### Exercise
The only thing to send back is the number of lines below that hold the string "made".

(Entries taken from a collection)

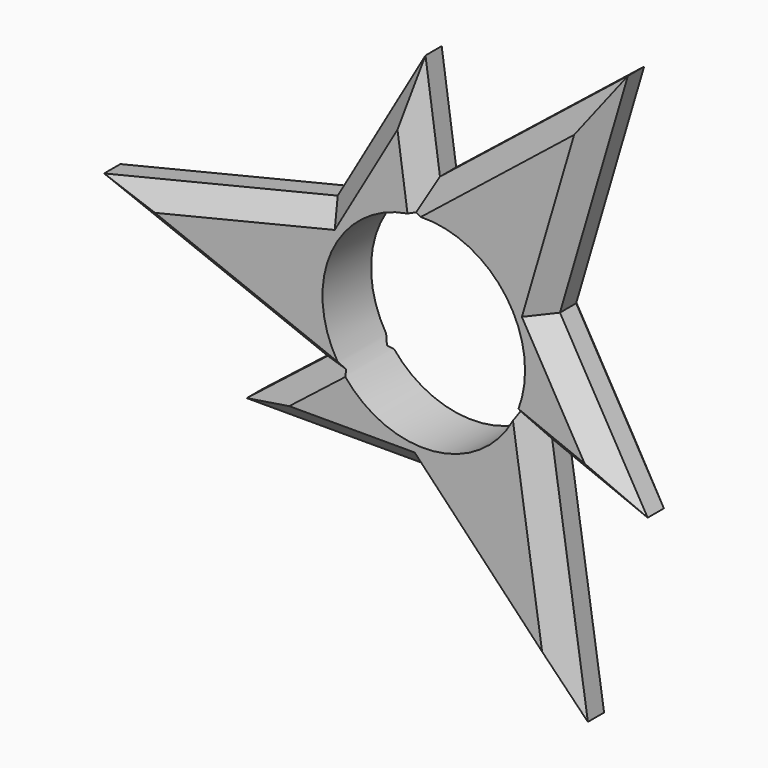
from build123d import *

# Parameters (mm, degrees)
F0_R          = 15
F1_DEPTH      = 9
F2_DEPTH      = 9
F3_T4_DEPTH   = 41.4194656766
F3_T9_DEPTH   = 51.0233182668
F3_T14_DEPTH  = 51.0233182668
F3_T19_DEPTH  = 30.6843352159
F3_T24_DEPTH  = 41.4194656766
F3_T29_DEPTH  = 51.0233182668
F3_T34_DEPTH  = 51.0233182668
F3_T39_DEPTH  = 30.6843352159
F3_T44_DEPTH  = 41.4194656766
F3_T49_DEPTH  = 51.0233182668
F3_T54_DEPTH  = 51.0233182668
F3_T59_DEPTH  = 30.6843352159
F3_T64_DEPTH  = 51.0233182668
F3_T69_DEPTH  = 41.4194656766
F3_T74_DEPTH  = 51.0233182668
F3_T79_DEPTH  = 51.0233182668
F3_T84_DEPTH  = 41.4194656766
F3_T89_DEPTH  = 30.6843352159
F3_T94_DEPTH  = 51.0233182668
F3_T99_DEPTH  = 51.0233182668
F3_T104_DEPTH = 41.4194656766
F3_T109_DEPTH = 51.0233182668
F3_T114_DEPTH = 30.6843352159
F3_T119_DEPTH = 30.6843352159
F3_T125_DEPTH = 51.0233182668
F3_T129_DEPTH = 41.4194656766
F3_T136_DEPTH = 51.0233182668
F3_T140_DEPTH = 30.6843352159
F3_T147_DEPTH = 41.4194656766
F3_T151_DEPTH = 51.0233182668
F3_T158_DEPTH = 51.0233182668
F3_T162_DEPTH = 30.6843352159
F3_T169_DEPTH = 41.4194656766
F3_T173_DEPTH = 51.0233182668
F3_T180_DEPTH = 51.0233182668
F3_T184_DEPTH = 30.6843352159
F3_T191_DEPTH = 41.4194656766
F3_T195_DEPTH = 51.0233182668
F3_T202_DEPTH = 51.0233182668
F3_T206_DEPTH = 30.6843352159
F3_T213_DEPTH = 41.4194656766
F3_T217_DEPTH = 51.0233182668
F3_T224_DEPTH = 51.0233182668
F3_T228_DEPTH = 30.6843352159
F3_T235_DEPTH = 51.0233182668
F3_T239_DEPTH = 41.4194656766
F3_T246_DEPTH = 51.0233182668
F3_T250_DEPTH = 30.6843352159


# Not quite as in the source:
# - a fillet or chamfer that OpenCascade refuses, or shapes differently, is made with other operations: its cross-section is extruded or revolved along the edge and cut away or added


with BuildPart() as f1:
    # F0 (on Front) → F1 (new body)
    with BuildSketch(Plane.XZ):
        with BuildLine():
            ThreePointArc((-16.6111198958, -9.5904345434), (-19.1355906319, 1.3171598584), (-15.1404052923, 11.7759868593))
            Line((-15.1404052923, 11.7759868593), (-49.7397878859, 3.4237381657))
            Line((-49.7397878859, 3.4237381657), (-16.6111198958, -9.5904345434))
        make_face()
        with BuildLine():
            ThreePointArc((0, 19.1808690868), (10.7084892142, 15.9133276745), (17.7685064209, 7.2239821771))
            Line((17.7685064209, 7.2239821771), (27.8349381703, 41.3640508052))
            Line((27.8349381703, 41.3640508052), (0, 19.1808690868))
        make_face()
        with BuildLine():
            Line((21.9048497156, -44.7877889709), (16.6111198958, -9.5904345434))
            ThreePointArc((16.6111198958, -9.5904345434), (8.4271014177, -17.2304875329), (-2.6281011286, -18.9999690364))
            Line((-2.6281011286, -18.9999690364), (21.9048497156, -44.7877889709))
        make_face()
        with BuildLine():
            ThreePointArc((16.6111198958, -9.5904345434), (18.5272968216, -4.9643742213), (19.1808690868, 0))
            ThreePointArc((19.1808690868, 0), (18.8244672495, 3.6803765702), (17.7685064209, 7.2239821771))
            ThreePointArc((17.7685064209, 7.2239821771), (10.7084892142, 15.9133276745), (0, 19.1808690868))
            ThreePointArc((0, 19.1808690868), (-8.4271014177, 17.2304875329), (-15.1404052923, 11.7759868593))
            ThreePointArc((-15.1404052923, 11.7759868593), (-19.1355906319, 1.3171598584), (-16.6111198958, -9.5904345434))
            ThreePointArc((-16.6111198958, -9.5904345434), (-10.7084892142, -15.9133276745), (-2.6281011286, -18.9999690364))
            ThreePointArc((-2.6281011286, -18.9999690364), (8.4271014177, -17.2304875329), (16.6111198958, -9.5904345434))
        make_face()
        Circle(F0_R, mode=Mode.SUBTRACT)
    extrude(amount=F1_DEPTH)

    # F0 (on Front) → F2 (join)
    with BuildSketch(Plane.XZ):
        with BuildLine():
            ThreePointArc((16.6111198958, -9.5904345434), (18.5272968216, -4.9643742213), (19.1808690868, 0))
            ThreePointArc((19.1808690868, 0), (18.8244672495, 3.6803765702), (17.7685064209, 7.2239821771))
            ThreePointArc((17.7685064209, 7.2239821771), (10.7084892142, 15.9133276745), (0, 19.1808690868))
            ThreePointArc((0, 19.1808690868), (-8.4271014177, 17.2304875329), (-15.1404052923, 11.7759868593))
            ThreePointArc((-15.1404052923, 11.7759868593), (-19.1355906319, 1.3171598584), (-16.6111198958, -9.5904345434))
            ThreePointArc((-16.6111198958, -9.5904345434), (-10.7084892142, -15.9133276745), (-2.6281011286, -18.9999690364))
            ThreePointArc((-2.6281011286, -18.9999690364), (8.4271014177, -17.2304875329), (16.6111198958, -9.5904345434))
        make_face()
        Circle(F0_R, mode=Mode.SUBTRACT)
        with BuildLine():
            ThreePointArc((17.7685064209, 7.2239821771), (18.8244672495, 3.6803765702), (19.1808690868, 0))
            ThreePointArc((19.1808690868, 0), (18.5272968216, -4.9643742213), (16.6111198958, -9.5904345434))
            Line((16.6111198958, -9.5904345434), (30.7631902953, -15.2834705217))
            Line((30.7631902953, -15.2834705217), (17.7685064209, 7.2239821771))
        make_face()
        with BuildLine():
            ThreePointArc((0, 19.1808690868), (10.7084892142, 15.9133276745), (17.7685064209, 7.2239821771))
            Line((17.7685064209, 7.2239821771), (27.8349381703, 41.3640508052))
            Line((27.8349381703, 41.3640508052), (0, 19.1808690868))
        make_face()
        with BuildLine():
            Line((21.9048497156, -44.7877889709), (16.6111198958, -9.5904345434))
            ThreePointArc((16.6111198958, -9.5904345434), (8.4271014177, -17.2304875329), (-2.6281011286, -18.9999690364))
            Line((-2.6281011286, -18.9999690364), (21.9048497156, -44.7877889709))
        make_face()
        with BuildLine():
            ThreePointArc((-15.1404052923, 11.7759868593), (-8.4271014177, 17.2304875329), (0, 19.1808690868))
            Line((0, 19.1808690868), (-2.1457214179, 34.2834395581))
            Line((-2.1457214179, 34.2834395581), (-15.1404052923, 11.7759868593))
        make_face()
        with BuildLine():
            Line((-28.6174688775, -18.9999690364), (-2.6281011286, -18.9999690364))
            ThreePointArc((-2.6281011286, -18.9999690364), (-10.7084892142, -15.9133276745), (-16.6111198958, -9.5904345434))
            Line((-16.6111198958, -9.5904345434), (-28.6174688775, -18.9999690364))
        make_face()
        with BuildLine():
            ThreePointArc((-16.6111198958, -9.5904345434), (-19.1355906319, 1.3171598584), (-15.1404052923, 11.7759868593))
            Line((-15.1404052923, 11.7759868593), (-49.7397878859, 3.4237381657))
            Line((-49.7397878859, 3.4237381657), (-16.6111198958, -9.5904345434))
        make_face()
    extrude(amount=F2_DEPTH)

    # F3: chamfer of 3 on 24 edges, made by hand


with BuildPart() as f3_tool2:
    # F3_s3 → F3_t4 (new body)
    with BuildSketch(Plane(origin=(18.1662589207, 0, 31.4648834341), x_dir=(0, 1, 0), z_dir=(-0.5, 0, -0.8660254038))):
        Polygon((-6, -18.9999690364), (-9, -15.9999690364), (-9, -18.9999690364), align=None)
    extrude(amount=F3_T4_DEPTH)

    split(bisect_by=Plane(origin=(-3.5198762352, 0, 14.5811683787), x_dir=(0, 1, 0), z_dir=(-0.2346584157, 0, 0.9720778919)), keep=Keep.TOP)


with BuildPart() as f1_1:
    add(f1.part)

    # F3_t1: cut F3_tool2
    add(f3_tool2.part, mode=Mode.SUBTRACT)


with BuildPart() as f3_tool7:
    # F3_s8 → F3_t9 (new body)
    with BuildSketch(Plane(origin=(-4.1209005243, 0, -0.9947803527), x_dir=(0, 1, 0), z_dir=(-0.9720778919, 0, -0.2346584157))):
        Polygon((-6, -15), (-9, -12), (-9, -15), align=None)
    extrude(amount=F3_T9_DEPTH)

    split(bisect_by=Plane(origin=(-16.4544558566, 0, 9.4999845182), x_dir=(0, 1, 0), z_dir=(-0.8660254038, 0, 0.5)), keep=Keep.TOP)


with BuildPart() as f1_2:
    add(f1_1.part)

    # F3_t6: cut F3_tool7
    add(f3_tool7.part, mode=Mode.SUBTRACT)


with BuildPart() as f3_tool12:
    # F3_s13 → F3_t14 (new body)
    with BuildSketch(Plane(origin=(-51.4360857888, 0, 20.2060072), x_dir=(0, 1, 0), z_dir=(0.930757815, 0, -0.3656362809))):
        Polygon((-6, -15), (-9, -12), (-9, -15), align=None)
    extrude(amount=F3_T14_DEPTH)

    split(bisect_by=Plane(origin=(-1.6642890677, 0, 2.1235944635), x_dir=(0, 1, 0), z_dir=(-0.6168472612, 0, 0.7870828777)), keep=Keep.TOP)


with BuildPart() as f1_3:
    add(f1_2.part)

    # F3_t11: cut F3_tool12
    add(f3_tool12.part, mode=Mode.SUBTRACT)


with BuildPart() as f3_tool17:
    # F3_s18 → F3_t19 (new body)
    with BuildSketch(Plane(origin=(-8.8744478881, 0, -6.9550221835), x_dir=(0, 1, 0), z_dir=(-0.7870828777, 0, -0.6168472612))):
        Polygon((-9, 0.3019430054), (-6, -2.6980569946), (-9, -2.6980569946), align=None)
    extrude(amount=F3_T19_DEPTH)

    split(bisect_by=Plane(origin=(-5.4845442131, 0, -13.9613672244), x_dir=(0, 1, 0), z_dir=(-0.3656362809, 0, -0.930757815)), keep=Keep.TOP)


with BuildPart() as f1_4:
    add(f1_3.part)

    # F3_t16: cut F3_tool17
    add(f3_tool17.part, mode=Mode.SUBTRACT)


with BuildPart() as f3_tool22:
    # F3_s23 → F3_t24 (new body)
    with BuildSketch(Plane.YZ.offset(-36.3325178414)):
        Polygon((-9, -15.9999690364), (-6, -18.9999690364), (-9, -18.9999690364), align=None)
    extrude(amount=F3_T24_DEPTH)

    split(bisect_by=Plane(origin=(-10.8677241153, 0, -10.3388864272), x_dir=(0, 1, 0), z_dir=(-0.724514941, 0, -0.6892590951)), keep=Keep.TOP)


with BuildPart() as f1_5:
    add(f1_4.part)

    # F3_t21: cut F3_tool22
    add(f3_tool22.part, mode=Mode.SUBTRACT)


with BuildPart() as f3_tool27:
    # F3_s28 → F3_t29 (new body)
    with BuildSketch(Plane(origin=(2.9219553188, 0, -3.0714143641), x_dir=(0, 1, 0), z_dir=(0.6892590951, 0, -0.724514941))):
        Polygon((-9, -12), (-6, -15), (-9, -15), align=None)
    extrude(amount=F3_T29_DEPTH)

    split(bisect_by=Plane.XY.offset(-18.9999690364), keep=Keep.BOTTOM)


with BuildPart() as f1_6:
    add(f1_5.part)

    # F3_t26: cut F3_tool27
    add(f3_tool27.part, mode=Mode.SUBTRACT)


with BuildPart() as f3_tool32:
    # F3_s33 → F3_t34 (new body)
    with BuildSketch(Plane(origin=(8.2191273501, 0, -54.6479605643), x_dir=(0, 1, 0), z_dir=(-0.1487285997, 0, 0.988878053))):
        Polygon((-9, -12), (-6, -15), (-9, -15), align=None)
    extrude(amount=F3_T34_DEPTH)

    split(bisect_by=Plane(origin=(-1.0069422189, 0, -2.5031138436), x_dir=(0, 1, 0), z_dir=(-0.3732101364, 0, -0.9277468373)), keep=Keep.TOP)


with BuildPart() as f1_7:
    add(f1_6.part)

    # F3_t31: cut F3_tool32
    add(f3_tool32.part, mode=Mode.SUBTRACT)


with BuildPart() as f3_tool37:
    # F3_s38 → F3_t39 (new body)
    with BuildSketch(Plane(origin=(10.4604498388, 0, -4.207986224), x_dir=(0, 1, 0), z_dir=(0.9277468373, 0, -0.3732101364))):
        Polygon((-9, 0.3019430054), (-6, -2.6980569946), (-9, -2.6980569946), align=None)
    extrude(amount=F3_T39_DEPTH)

    split(bisect_by=Plane(origin=(14.8331707944, 0, 2.2309289955), x_dir=(0, 1, 0), z_dir=(0.988878053, 0, 0.1487285997)), keep=Keep.TOP)


with BuildPart() as f1_8:
    add(f1_7.part)

    # F3_t36: cut F3_tool37
    add(f3_tool37.part, mode=Mode.SUBTRACT)


with BuildPart() as f3_tool42:
    # F3_s43 → F3_t44 (new body)
    with BuildSketch(Plane(origin=(18.1662589207, 0, -31.4648834341), x_dir=(0, 1, 0), z_dir=(-0.5, 0, 0.8660254038))):
        Polygon((-9, -15.9999690364), (-6, -18.9999690364), (-9, -18.9999690364), align=None)
    extrude(amount=F3_T44_DEPTH)

    split(bisect_by=Plane(origin=(14.3876003504, 0, -4.2422819515), x_dir=(0, 1, 0), z_dir=(0.9591733567, 0, -0.2828187968)), keep=Keep.TOP)


with BuildPart() as f1_9:
    add(f1_8.part)

    # F3_t41: cut F3_tool42
    add(f3_tool42.part, mode=Mode.SUBTRACT)


with BuildPart() as f3_tool47:
    # F3_s48 → F3_t49 (new body)
    with BuildSketch(Plane(origin=(1.1989452055, 0, 4.0661947169), x_dir=(0, 1, 0), z_dir=(0.2828187968, 0, 0.9591733567))):
        Polygon((-9, -12), (-6, -15), (-9, -15), align=None)
    extrude(amount=F3_T49_DEPTH)

    split(bisect_by=Plane(origin=(16.4544558566, 0, 9.4999845182), x_dir=(0, 1, 0), z_dir=(0.8660254038, 0, 0.5)), keep=Keep.TOP)


with BuildPart() as f1_10:
    add(f1_9.part)

    # F3_t46: cut F3_tool47
    add(f3_tool47.part, mode=Mode.SUBTRACT)


with BuildPart() as f3_tool52:
    # F3_s53 → F3_t54 (new body)
    with BuildSketch(Plane(origin=(43.2169584386, 0, 34.4419533643), x_dir=(0, 1, 0), z_dir=(-0.7820292153, 0, -0.6232417721))):
        Polygon((-9, -12), (-6, -15), (-9, -15), align=None)
    extrude(amount=F3_T54_DEPTH)

    split(bisect_by=Plane(origin=(2.6712312866, 0, 0.3795193801), x_dir=(0, 1, 0), z_dir=(0.9900573976, 0, 0.1406639596)), keep=Keep.TOP)


with BuildPart() as f1_11:
    add(f1_10.part)

    # F3_t51: cut F3_tool52
    add(f3_tool52.part, mode=Mode.SUBTRACT)


with BuildPart() as f3_tool57:
    # F3_s58 → F3_t59 (new body)
    with BuildSketch(Plane(origin=(-1.5860019507, 0, 11.1630084074), x_dir=(0, 1, 0), z_dir=(-0.1406639596, 0, 0.9900573976))):
        Polygon((-9, 0.3019430054), (-6, -2.6980569946), (-9, -2.6980569946), align=None)
    extrude(amount=F3_T59_DEPTH)

    split(bisect_by=Plane(origin=(-9.3486265813, 0, 11.7304382289), x_dir=(0, 1, 0), z_dir=(-0.6232417721, 0, 0.7820292153)), keep=Keep.TOP)


with BuildPart() as f1_12:
    add(f1_11.part)

    # F3_t56: cut F3_tool57
    add(f3_tool57.part, mode=Mode.SUBTRACT)


with BuildPart() as f3_tool62:
    # F3_s63 → F3_t64 (new body)
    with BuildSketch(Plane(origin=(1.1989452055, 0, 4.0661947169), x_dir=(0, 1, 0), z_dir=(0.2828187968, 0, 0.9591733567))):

### Solution for this task
2